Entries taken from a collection
BEGIN

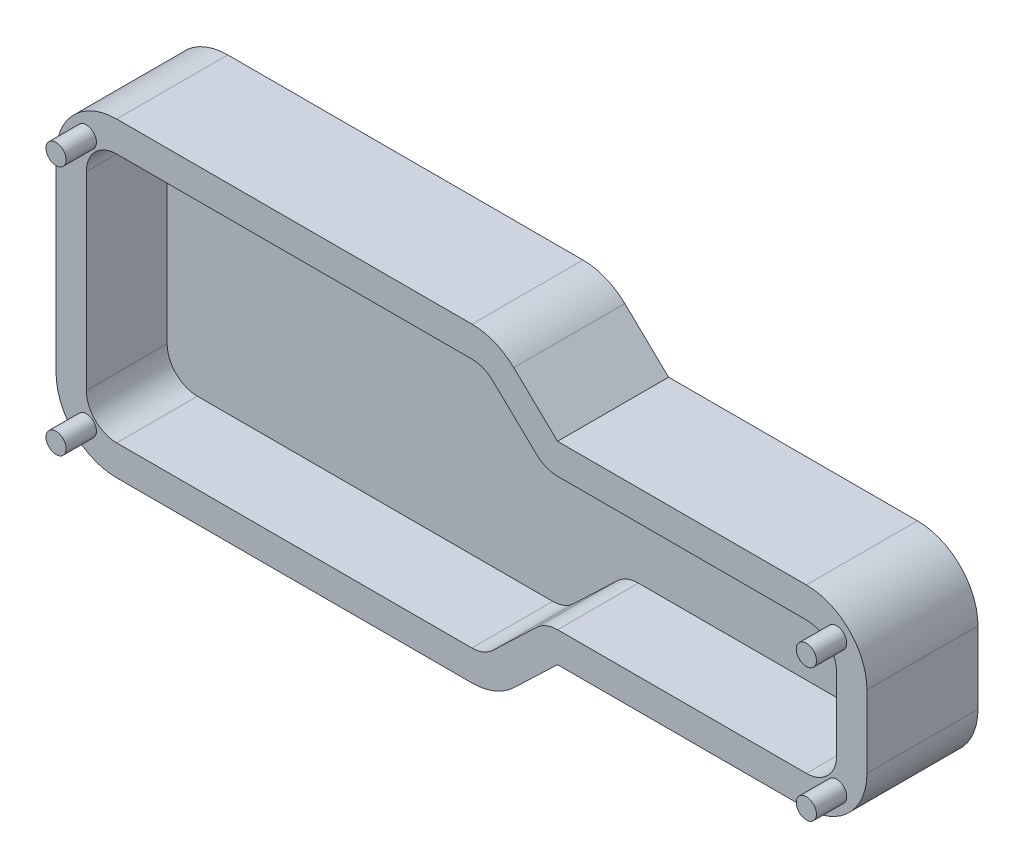
SolidWorks part; units mm, degrees
ref_plane "Front Plane" through (0, 0, 0) normal (0, 0, 1) x (1, 0, 0)
ref_plane "Top Plane" through (0, 0, 0) normal (0, 1, 0) x (1, 0, 0)
ref_plane "Right Plane" through (0, 0, 0) normal (1, 0, 0) x (0, 0, -1)
sketch "Sketch2" plane through (0, 0, 0) normal (0, 0, 1) x (1, 0, 0)
  line L0 (-34.29, 10.16) -> (0, 10.16)
  line L1 (-34.29, 10.16) -> (-34.29, 0)
  line L2 (-34.29, 0) -> (0, 0)
  line L3 (0, 10.16) -> (0, 0)
  line L4 (-69.31, 13.97) -> (-36.29, 13.97)
  line L5 (-69.31, 13.97) -> (-69.31, -3.81)
  line L6 (-69.31, -3.81) -> (-36.29, -3.81)
  line L7 (-36.29, 13.97) -> (-36.29, -3.81)
  line L8 (-31.29, 10.16) -> (-31.29, 0)
  line L9 (-71.31, 15.97) -> (-34.29, 15.97)
  line L10 (-34.29, 15.97) -> (-34.29, 12.16)
  line L11 (-34.29, 12.16) -> (-31.29, 12.16)
  line L12 (-31.29, 12.16) -> (-31.29, -2)
  line L13 (-31.29, -2) -> (-34.29, -2)
  line L14 (-34.29, -2) -> (-34.29, -5.81)
  line L15 (-34.29, -5.81) -> (-71.31, -5.81)
  line L16 (-71.31, -5.81) -> (-71.31, 15.97)
  point P4 (-34.29, 5.08)
  point P5 (-36.29, 5.08)
  dimension "D1" = 2
  dimension "D2" = 2
  dimension "D3" = 2
  dimension "D5" = 2
  dimension "D4" = 2
  dimension "D6" = 0
  dimension "pcb_overflow" = 2
  dimension "arduino_length" = 33.02
  dimension "arduino_width" = 17.78
  dimension "imu_header" = 3
  dimension "imu_length" = 34.29
  dimension "imu_width" = 10.16
sketch "Sketch3" plane through (0, 0, 0) normal (0, 0, 1) x (1, 0, 0)
  line L0 (-69.81, 17.47) -> (-34.6251, 17.47)
  line L1 (-32.5518, 16.6383) -> (-28.2152, 12.4917)
  line L2 (-26.1419, 11.66) -> (-1.5, 11.66)
  line L3 (1.5, 8.66) -> (1.5, 1.5)
  line L4 (-1.5, -1.5) -> (-26.1419, -1.5)
  line L5 (-28.2152, -2.3317) -> (-32.5518, -6.4783)
  line L6 (-34.6251, -7.31) -> (-69.81, -7.31)
  line L7 (-72.81, -4.31) -> (-72.81, 14.47)
  line L8 (-71.31, 15.97) -> (-34.29, 15.97) construction
  line L9 (-34.29, -5.81) -> (-71.31, -5.81) construction
  line L11 (-34.29, 0) -> (0, 0) construction
  line L12 (0, 10.16) -> (0, 0) construction
  line L13 (-71.31, -5.81) -> (-71.31, 15.97) construction
  line L14 (-69.81, 20.47) -> (-34.6251, 20.47)
  line L15 (-30.4785, 18.8066) -> (-26.1419, 14.66)
  line L16 (-26.1419, 14.66) -> (-1.5, 14.66)
  line L17 (4.5, 8.66) -> (4.5, 1.5)
  line L18 (-1.5, -4.5) -> (-26.1419, -4.5)
  line L19 (-26.1419, -4.5) -> (-30.4785, -8.6466)
  line L20 (-34.6251, -10.31) -> (-69.81, -10.31)
  line L21 (-75.81, -4.31) -> (-75.81, 14.47)
  arc A0 (-69.81, -7.31) -> (-72.81, -4.31) centre (-69.81, -4.31) cw
  arc A1 (-1.5, 11.66) -> (1.5, 8.66) centre (-1.5, 8.66) cw
  arc A2 (1.5, 1.5) -> (-1.5, -1.5) centre (-1.5, 1.5) cw
  arc A3 (-32.5518, -6.4783) -> (-34.6251, -7.31) centre (-34.6251, -4.31) cw
  arc A4 (-26.1419, -1.5) -> (-28.2152, -2.3317) centre (-26.1419, -4.5) ccw
  arc A5 (-28.2152, 12.4917) -> (-26.1419, 11.66) centre (-26.1419, 14.66) ccw
  arc A6 (-34.6251, 17.47) -> (-32.5518, 16.6383) centre (-34.6251, 14.47) cw
  arc A7 (-69.81, 17.47) -> (-72.81, 14.47) centre (-69.81, 14.47) ccw
  arc A8 (-34.6251, 20.47) -> (-30.4785, 18.8066) centre (-34.6251, 14.47) cw
  arc A9 (-26.1419, 14.66) -> (-26.1419, 14.66) centre (-26.1419, 14.66) ccw
  arc A10 (-1.5, 14.66) -> (4.5, 8.66) centre (-1.5, 8.66) cw
  arc A11 (4.5, 1.5) -> (-1.5, -4.5) centre (-1.5, 1.5) cw
  arc A12 (-26.1419, -4.5) -> (-26.1419, -4.5) centre (-26.1419, -4.5) ccw
  arc A13 (-30.4785, -8.6466) -> (-34.6251, -10.31) centre (-34.6251, -4.31) cw
  arc A14 (-69.81, -10.31) -> (-75.81, -4.31) centre (-69.81, -4.31) cw
  arc A15 (-69.81, 20.47) -> (-75.81, 14.47) centre (-69.81, 14.47) ccw
  circle A16 centre (-72.81, 17.47) radius 1
  circle A17 centre (-72.81, -7.31) radius 1
  circle A18 centre (1.5, -1.5) radius 1
  circle A19 centre (1.5, 11.66) radius 1
  point P26 (-33.4216, -7.31)
  point P29 (-27.3454, -1.5)
  point P32 (-27.3454, 11.66)
  point P35 (-33.4216, 17.47)
  dimension "D5" = 3
  dimension "D6" = 2
  dimension "D1" = 1.5
  dimension "D2" = 1.5
  dimension "D3" = 1.5
  dimension "D4" = 1.5
  dimension "gap_from_case" = 1.5
  dimension "case_slope_length" = 6
  dimension "case_thickness" = 3
  dimension "notch_dia" = 2
extrude "Boss-Extrude2" add sketch "Sketch3" along normal blind 8 and the other way blind 3
sketch "Sketch5" plane through (0, 0, -3) normal (0, 0, -1) x (-1, 0, 0)
  line L0 (-1.5, 1.5) -> (-1.5, 8.66) construction
  line L1 (26.1419, -1.5) -> (1.5, -1.5) construction
  line L2 (32.5518, -6.4783) -> (28.2152, -2.3317) construction
  line L3 (69.81, -7.31) -> (34.6251, -7.31) construction
  line L4 (72.81, 14.47) -> (72.81, -4.31) construction
  line L5 (-1.5, 1.5) -> (-1.5, 8.66)
  line L6 (26.1419, -1.5) -> (1.5, -1.5)
  line L7 (32.5518, -6.4783) -> (28.2152, -2.3317)
  line L8 (72.81, -4.31) -> (72.81, 14.47)
  line L9 (34.6251, -7.31) -> (69.81, -7.31)
  line L10 (28.2152, -2.3317) -> (32.5518, -6.4783)
  line L11 (1.5, -1.5) -> (26.1419, -1.5)
  line L12 (-1.5, 8.66) -> (-1.5, 1.5)
  line L13 (26.1419, 11.66) -> (1.5, 11.66)
  line L14 (32.5518, 16.6383) -> (28.2152, 12.4917)
  line L15 (69.81, 17.47) -> (34.6251, 17.47)
  line L16 (72.81, -4.31) -> (72.81, 14.47)
  line L17 (34.6251, -7.31) -> (69.81, -7.31)
  line L18 (28.2152, -2.3317) -> (32.5518, -6.4783)
  line L19 (1.5, -1.5) -> (26.1419, -1.5)
  line L20 (-1.5, 8.66) -> (-1.5, 1.5)
  line L21 (26.1419, 11.66) -> (1.5, 11.66)
  line L22 (32.5518, 16.6383) -> (28.2152, 12.4917)
  line L23 (69.81, 17.47) -> (34.6251, 17.47)
  line L24 (69.81, -7.31) -> (34.6251, -7.31)
  line L25 (72.81, 14.47) -> (72.81, -4.31)
  arc A0 (1.5, 11.66) -> (-1.5, 8.66) centre (1.5, 8.66) ccw construction
  arc A1 (-1.5, 1.5) -> (1.5, -1.5) centre (1.5, 1.5) ccw construction
  arc A2 (28.2152, -2.3317) -> (26.1419, -1.5) centre (26.1419, -4.5) ccw construction
  arc A3 (32.5518, -6.4783) -> (34.6251, -7.31) centre (34.6251, -4.31) ccw construction
  arc A4 (69.81, -7.31) -> (72.81, -4.31) centre (69.81, -4.31) ccw construction
  arc A5 (72.81, 14.47) -> (69.81, 17.47) centre (69.81, 14.47) ccw construction
  arc A6 (1.5, 11.66) -> (-1.5, 8.66) centre (1.5, 8.66) ccw
  arc A7 (-1.5, 1.5) -> (1.5, -1.5) centre (1.5, 1.5) ccw
  arc A8 (69.81, -7.31) -> (72.81, -4.31) centre (69.81, -4.31) ccw
  arc A9 (32.5518, -6.4783) -> (34.6251, -7.31) centre (34.6251, -4.31) ccw
  arc A10 (28.2152, -2.3317) -> (26.1419, -1.5) centre (26.1419, -4.5) ccw
  arc A11 (-1.5, 1.5) -> (1.5, -1.5) centre (1.5, 1.5) ccw
  arc A12 (1.5, 11.66) -> (-1.5, 8.66) centre (1.5, 8.66) ccw
  arc A13 (26.1419, 11.66) -> (28.2152, 12.4917) centre (26.1419, 14.66) ccw
  arc A14 (34.6251, 17.47) -> (32.5518, 16.6383) centre (34.6251, 14.47) ccw
  arc A15 (72.81, 14.47) -> (69.81, 17.47) centre (69.81, 14.47) ccw
  arc A16 (69.81, -7.31) -> (72.81, -4.31) centre (69.81, -4.31) ccw
  arc A17 (32.5518, -6.4783) -> (34.6251, -7.31) centre (34.6251, -4.31) ccw
  arc A18 (28.2152, -2.3317) -> (26.1419, -1.5) centre (26.1419, -4.5) ccw
  arc A19 (-1.5, 1.5) -> (1.5, -1.5) centre (1.5, 1.5) ccw
  arc A20 (1.5, 11.66) -> (-1.5, 8.66) centre (1.5, 8.66) ccw
  arc A21 (26.1419, 11.66) -> (28.2152, 12.4917) centre (26.1419, 14.66) ccw
  arc A22 (34.6251, 17.47) -> (32.5518, 16.6383) centre (34.6251, 14.47) ccw
  arc A23 (72.81, 14.47) -> (69.81, 17.47) centre (69.81, 14.47) ccw
  arc A24 (28.2152, -2.3317) -> (26.1419, -1.5) centre (26.1419, -4.5) ccw
  arc A25 (32.5518, -6.4783) -> (34.6251, -7.31) centre (34.6251, -4.31) ccw
  arc A26 (69.81, -7.31) -> (72.81, -4.31) centre (69.81, -4.31) ccw
  arc A27 (72.81, 14.47) -> (69.81, 17.47) centre (69.81, 14.47) ccw
  line M17 (72.81, 14.47) -> (72.81, -4.31)
  arc M18 (72.81, -4.31) -> (69.81, -7.31) centre (69.81, -4.31) cw
  line M19 (69.81, -7.31) -> (34.6251, -7.31)
  arc M20 (34.6251, -7.31) -> (32.5518, -6.4783) centre (34.6251, -4.31) cw
  line M21 (32.5518, -6.4783) -> (28.2152, -2.3317)
  arc M22 (28.2152, -2.3317) -> (26.1419, -1.5) centre (26.1419, -4.5) ccw
  line M23 (26.1419, -1.5) -> (1.5, -1.5)
  arc M24 (1.5, -1.5) -> (-1.5, 1.5) centre (1.5, 1.5) cw
  line M25 (-1.5, 1.5) -> (-1.5, 8.66)
  arc M26 (-1.5, 8.66) -> (1.5, 11.66) centre (1.5, 8.66) cw
  line M27 (1.5, 11.66) -> (26.1419, 11.66)
  arc M28 (26.1419, 11.66) -> (28.2152, 12.4917) centre (26.1419, 14.66) ccw
  line M29 (28.2152, 12.4917) -> (32.5518, 16.6383)
  arc M30 (32.5518, 16.6383) -> (34.6251, 17.47) centre (34.6251, 14.47) cw
  line M31 (34.6251, 17.47) -> (69.81, 17.47)
  arc M32 (69.81, 17.47) -> (72.81, 14.47) centre (69.81, 14.47) cw
  dimension "D1" = 0
extrude "Boss-Extrude3" add sketch "Sketch5" against normal blind 3 contours M17 M32 M31 M30 M29 M28 M27 M26 M25 M24 M23 M22 M21 M20 M19 M18 region at (-41.0126, 5.08, -3)
sketch "Sketch7" plane through (0, 0, 8) normal (0, 0, 1) x (1, 0, 0)
  circle A0 centre (-72.81, 17.47) radius 1 construction
  circle A1 centre (-72.81, 17.47) radius 1
  circle A2 centre (1.5, -1.5) radius 1 construction
  circle A3 centre (1.5, -1.5) radius 1
  circle A4 centre (1.5, 11.66) radius 1 construction
  circle A5 centre (1.5, 11.66) radius 1
  circle A6 centre (-72.81, -7.31) radius 1 construction
  circle A7 centre (-72.81, -7.31) radius 1
extrude "Boss-Extrude4" add sketch "Sketch7" against normal blind 11 and the other way blind 3
equation "\"D5@Sketch2\"=\"pcb_overflow\""
equation "\"D1@Sketch2\"=\"pcb_overflow\""
equation "\"D2@Sketch2\"=\"pcb_overflow\""
equation "\"D4@Sketch2\"=\"pcb_overflow\""
equation "\"D3@Sketch2\"=\"pcb_overflow\""
equation "\"D1@Sketch3\"=\"gap_from_case\""
equation "\"D2@Sketch3\"=\"gap_from_case\""
equation "\"D3@Sketch3\"=\"gap_from_case\""
equation "\"D4@Sketch3\"=\"gap_from_case\""
equation "\"D6@Sketch3\"=\"notch_dia\""

END

Reply with only the number of lines in the entries that hold the word "through".

7